« C’est ma troisième visite en Afrique et au Kenya, nous croyons en l’avenir de l’Afrique, nous aimons l’Afrique et je voudrais coopérer beaucoup, non seulement sur une base individuelle avec chacun de vos pays mais aussi avec l’Union africaine.  » Ces mots sont ceux du premier ministre Israélien Benjamin Netanyahu lors d’une récente visite au Kenya. Les naïfs seraient étonnés de lire « nous aimons l’Afrique » de la part d’un dirigeant d’extrême droite israélien quand on connait la politique largement contestable de son gouvernement envers les Palestiniens, et que les spécialistes avisés n’hésitent à qualifier d’Apartheid. On ne devrait pas n’est dupe. Netanyahu dit simplement aux Africains ce qu’ils veulent entendre pour qu’il obtienne ce qu’il veut d’eux.

Et que veut Netanyahu des Africains ? Il veut justement les voix des pays africains à l’ONU. En effet, ces pays votent systématiquement en faveur de la Palestine quand il s’agit de s’exprimer sur le conflit israélo-palestinien. C’est un pays africain, le Sénégal, qui a présenté, avec trois autres membres non permanents du Conseil de Sécurité des Nations Unies, une résolution condamnant la colonisation israélienne en décembre 2016, alors que l’Egypte, un pays pourtant arabe, y avait renoncé sous pression du président alors nouvellement élu des Etats-Unis Donald Trump.

Les pays africains soutiennent la Palestine parce que se sont des anciennes colonies, avec un souvenir très douloureux de la colonisation. L’anticolonialisme est sans aucun doute l’idéologie la plus populaire en Afrique, plus de 50 ans après la fin de la colonisation. Ce serait une trahison pour leurs propres peuples et leur propre histoire si ces pays décidaient de soutenir la politique de colonisation d’Israël.

Ce soutien inconditionnel de l’Afrique à la Palestine avait poussé Israël à ignorer presque complètement le continent pour développer ses  relations avec les pays puissants d’Amérique et d’Europe qui eux le soutiennent depuis toujours.

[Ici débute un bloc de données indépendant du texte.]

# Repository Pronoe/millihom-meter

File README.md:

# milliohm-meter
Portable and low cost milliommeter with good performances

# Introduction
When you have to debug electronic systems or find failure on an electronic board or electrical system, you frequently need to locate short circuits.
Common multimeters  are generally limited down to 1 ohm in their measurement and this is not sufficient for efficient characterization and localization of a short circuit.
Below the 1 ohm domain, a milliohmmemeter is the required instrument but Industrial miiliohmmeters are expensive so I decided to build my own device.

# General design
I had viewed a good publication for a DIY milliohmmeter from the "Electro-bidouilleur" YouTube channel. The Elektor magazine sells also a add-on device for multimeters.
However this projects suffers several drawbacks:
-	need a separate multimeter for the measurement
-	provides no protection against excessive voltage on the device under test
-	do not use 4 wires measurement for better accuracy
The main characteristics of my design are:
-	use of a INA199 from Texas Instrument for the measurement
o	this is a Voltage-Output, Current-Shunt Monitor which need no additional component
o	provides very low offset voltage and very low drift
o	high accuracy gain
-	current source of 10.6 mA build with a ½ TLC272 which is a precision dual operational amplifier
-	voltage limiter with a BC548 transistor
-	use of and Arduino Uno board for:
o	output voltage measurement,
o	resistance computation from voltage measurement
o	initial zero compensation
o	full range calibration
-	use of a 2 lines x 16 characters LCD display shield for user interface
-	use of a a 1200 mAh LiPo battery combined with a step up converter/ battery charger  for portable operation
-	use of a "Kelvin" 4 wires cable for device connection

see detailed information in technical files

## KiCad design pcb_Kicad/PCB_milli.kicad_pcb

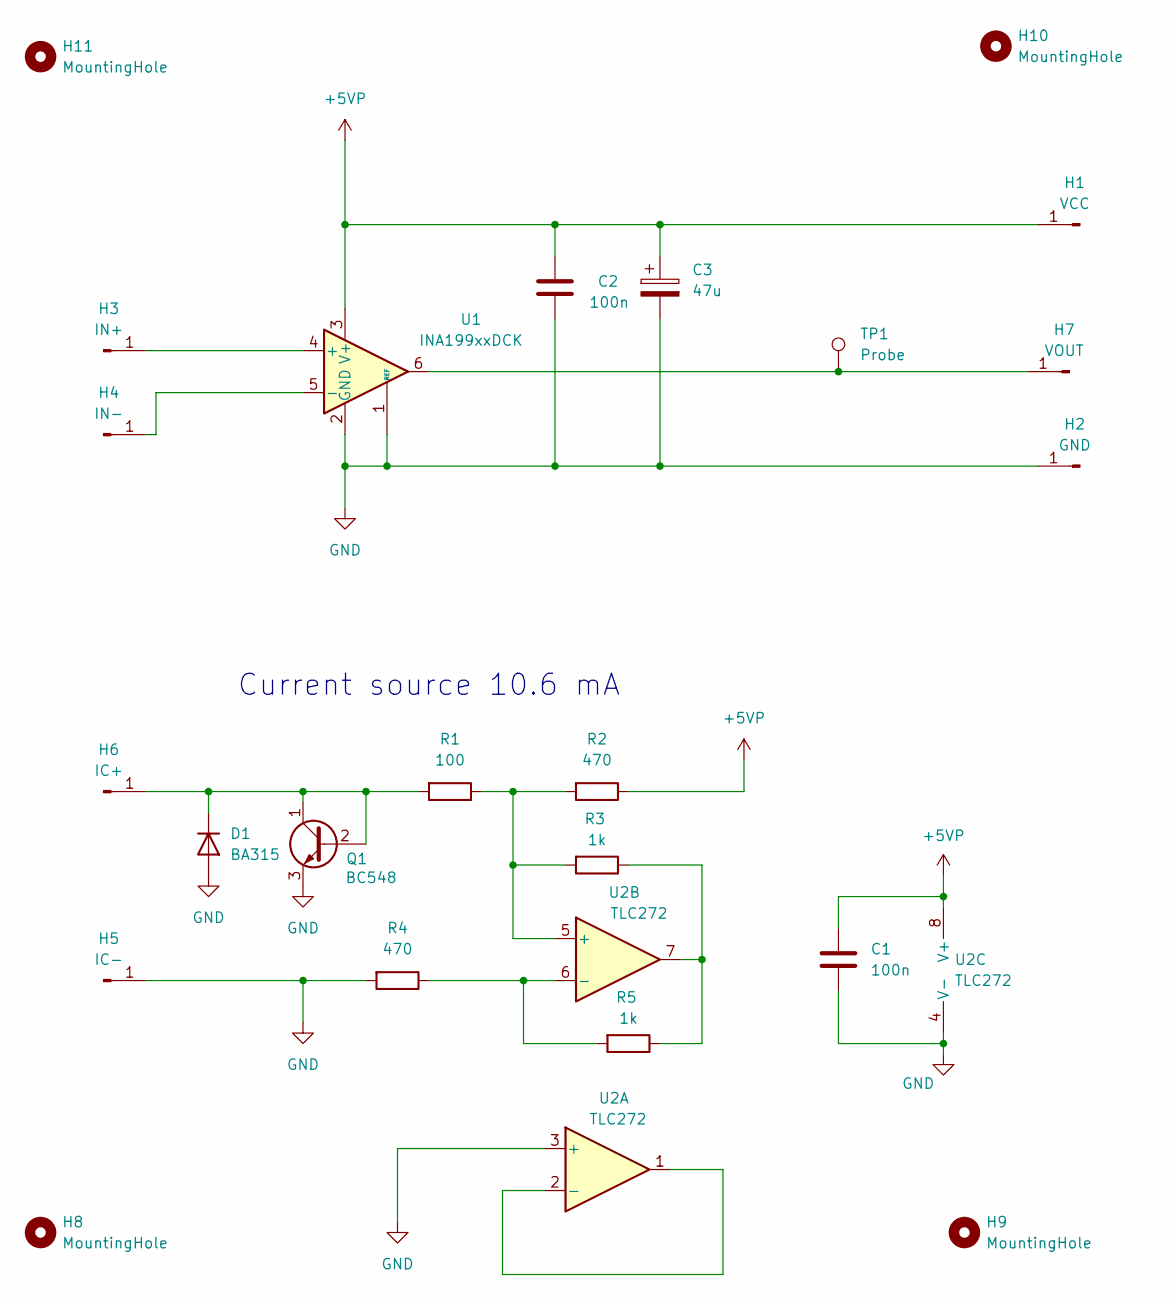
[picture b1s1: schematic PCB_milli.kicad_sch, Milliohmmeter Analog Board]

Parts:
C1, C2: 100n; C_Disc_D5.0mm_W2.5mm_P2.50mm
C3: 47u; CP_Axial_L11.0mm_D6.0mm_P18.00mm_Horizontal
D1: BA315; D_DO-35_SOD27_P7.62mm_Horizontal
H1: VCC; SolderWire-0.5sqmm_1x01_D0.9mm_OD2.1mm_Relief
H2: GND; SolderWire-0.5sqmm_1x01_D0.9mm_OD2.1mm_Relief
H3: IN+; SolderWire-0.5sqmm_1x01_D0.9mm_OD2.1mm_Relief
H4: IN-; SolderWire-0.5sqmm_1x01_D0.9mm_OD2.1mm_Relief
H5: IC-; SolderWire-0.5sqmm_1x01_D0.9mm_OD2.1mm_Relief
H6: IC+; SolderWire-0.5sqmm_1x01_D0.9mm_OD2.1mm_Relief
H7: VOUT; SolderWire-0.5sqmm_1x01_D0.9mm_OD2.1mm_Relief
H8, H9, H10, H11: MountingHole; MountingHole_3.2mm_M3
Q1: BC548; TO-92_Inline
R1: 100; R_Axial_DIN0207_L6.3mm_D2.5mm_P10.16mm_Horizontal
R2, R4: 470; R_Axial_DIN0207_L6.3mm_D2.5mm_P10.16mm_Horizontal
R3, R5: 1k; R_Axial_DIN0207_L6.3mm_D2.5mm_P10.16mm_Horizontal
TP1: Probe; TestPoint_THTPad_2.0x2.0mm_Drill1.0mm
U1: INA199xxDCK; SOT-363_SC-70-6
U2: TLC272; DIP-8_W7.62mm

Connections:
+5VP: C1.1, C2.1, C3.1, H1.1, R2.1, U1.3 (V+), U2.8 (V+)
GND: C1.2, C2.2, C3.2, D1.2 (A), H2.1, H5.1, Q1.3 (E), R4.2, U1.1 (REF), U1.2 (GND), U2.3 (+), U2.4 (V-)
unnamed: D1.1 (K), H6.1, Q1.1 (C), Q1.2 (B), R1.2
unnamed: H3.1, U1.4 (+)
unnamed: H4.1, U1.5 (-)
unnamed: H7.1, TP1.1, U1.6
unnamed: R3.1, R5.1, U2.7
unnamed: U2.1, U2.2 (-)
unnamed: R1.1, R2.2, R3.2, U2.5 (+)
unnamed: R4.1, R5.2, U2.6 (-)

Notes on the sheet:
Current source 10.6 mA

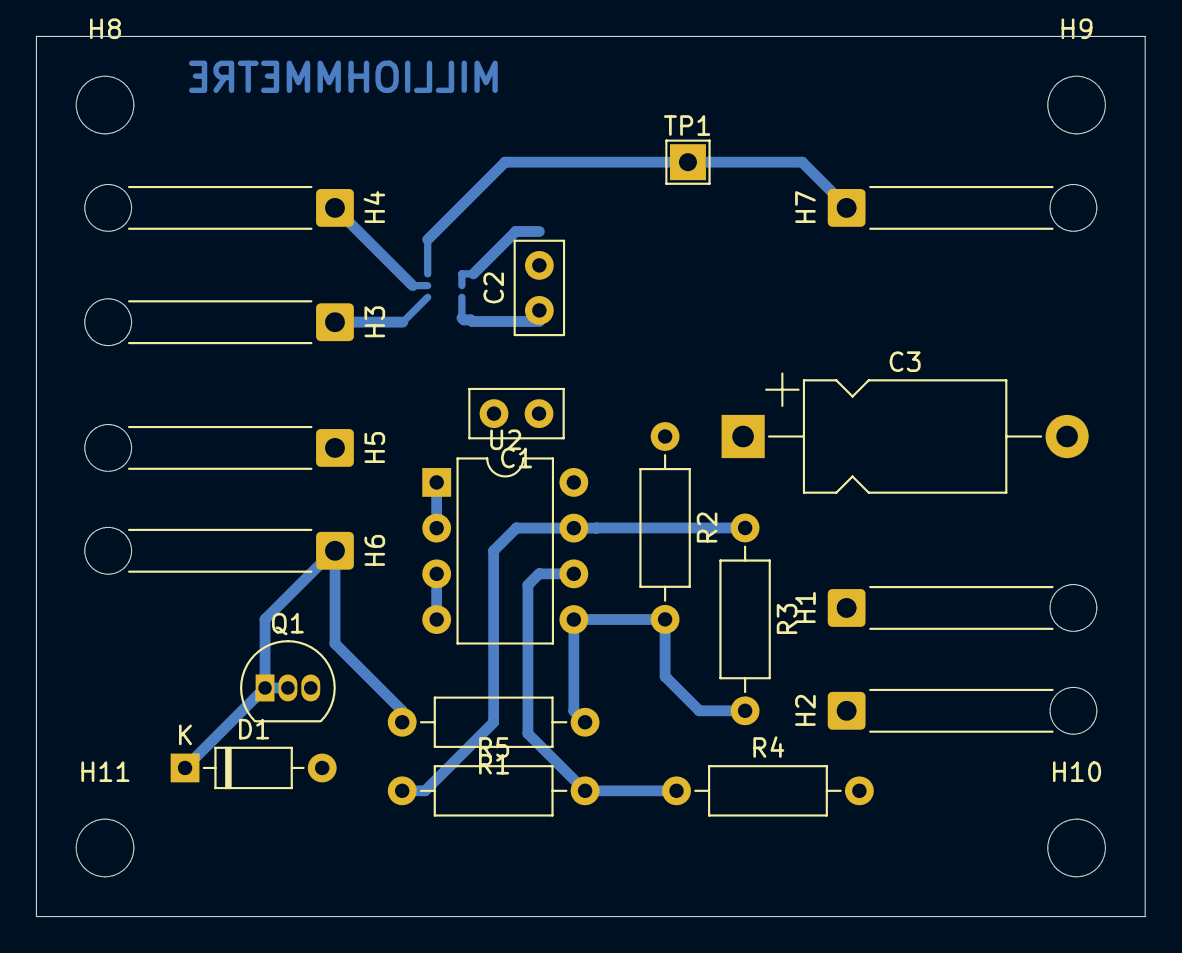
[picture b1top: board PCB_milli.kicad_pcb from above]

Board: 2 copper layers, 61.6 x 48.9 mm, 24 parts (1 on the bottom side), 10 nets.

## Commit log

2025-05-22 1st repo update
2025-05-22 Delete ~WRL0003.tmp
    unknown file
2025-05-22 Delete ~$scription.docx
    unknown temp file

Mais Israël a compris qu’il ne pouvait plus ignorer un continent de 54 pays, donc 54 voix à l’ONU. C’est pourquoi Netanyahu mène une diplomatie très active sur le continent ces dernières années, pensant qu’en se rapprochant du continent il pourrait renverser la balance et décrocher  le soutien d’un nombre important de pays. En octobre, un sommet Israël-Afrique a failli s’organiser au Togo, mais elle a été reportée à cause de la crise politique qui secoue le pays de Faure Gnassingbé.

Il a de quoi « acheter » la conscience de certains pays

« J’espère que nous trouverons tous un moyen d’amener Israël à avoir un statut d’observateur dans l’Union africaine parce que nous pouvons aider, nous ne pouvons pas  seulement observer mais nous pouvons aider à construire ensemble un meilleur avenir pour l’Afrique », disait encore Netanyahu au Kenya.

Encore une fois, tout le monde sait que ce n’est pas son amour de l’Afrique qui l’amène à courtiser le continent.  Mais c’est vrai que l’Etat Hébreux a de quoi attirer les pays africains. Il a une maitrise technologique que les pays africains peuvent vouloir importer dans leurs pays. Il a une armée et un service de renseignement des plus forts du monde, et il se chuchote que certains dictatures importent leur matériel de répression de l’Etat hébreu. Il a donc de quoi « acheter », non pas tous, mais au moins certains pays, même un siège à l’Union Africaine.

Mais si les gouvernements africains veulent garder une conscience tranquille, il faudra qu’ils résistent aux chantages israéliens. Oui, Israël a droit d’avoir un État, mais les pays africains devraient lui rappeler qu’il doit cesser la colonisation et laisser les Palestiniens avoir leur propre État. Si Israël menace de couper son aide, il faudra faire avec, et chercher ailleurs. L’État a surement beaucoup de ressources, mais il ne peut rien donner que les Africains ne peuvent trouver ailleurs.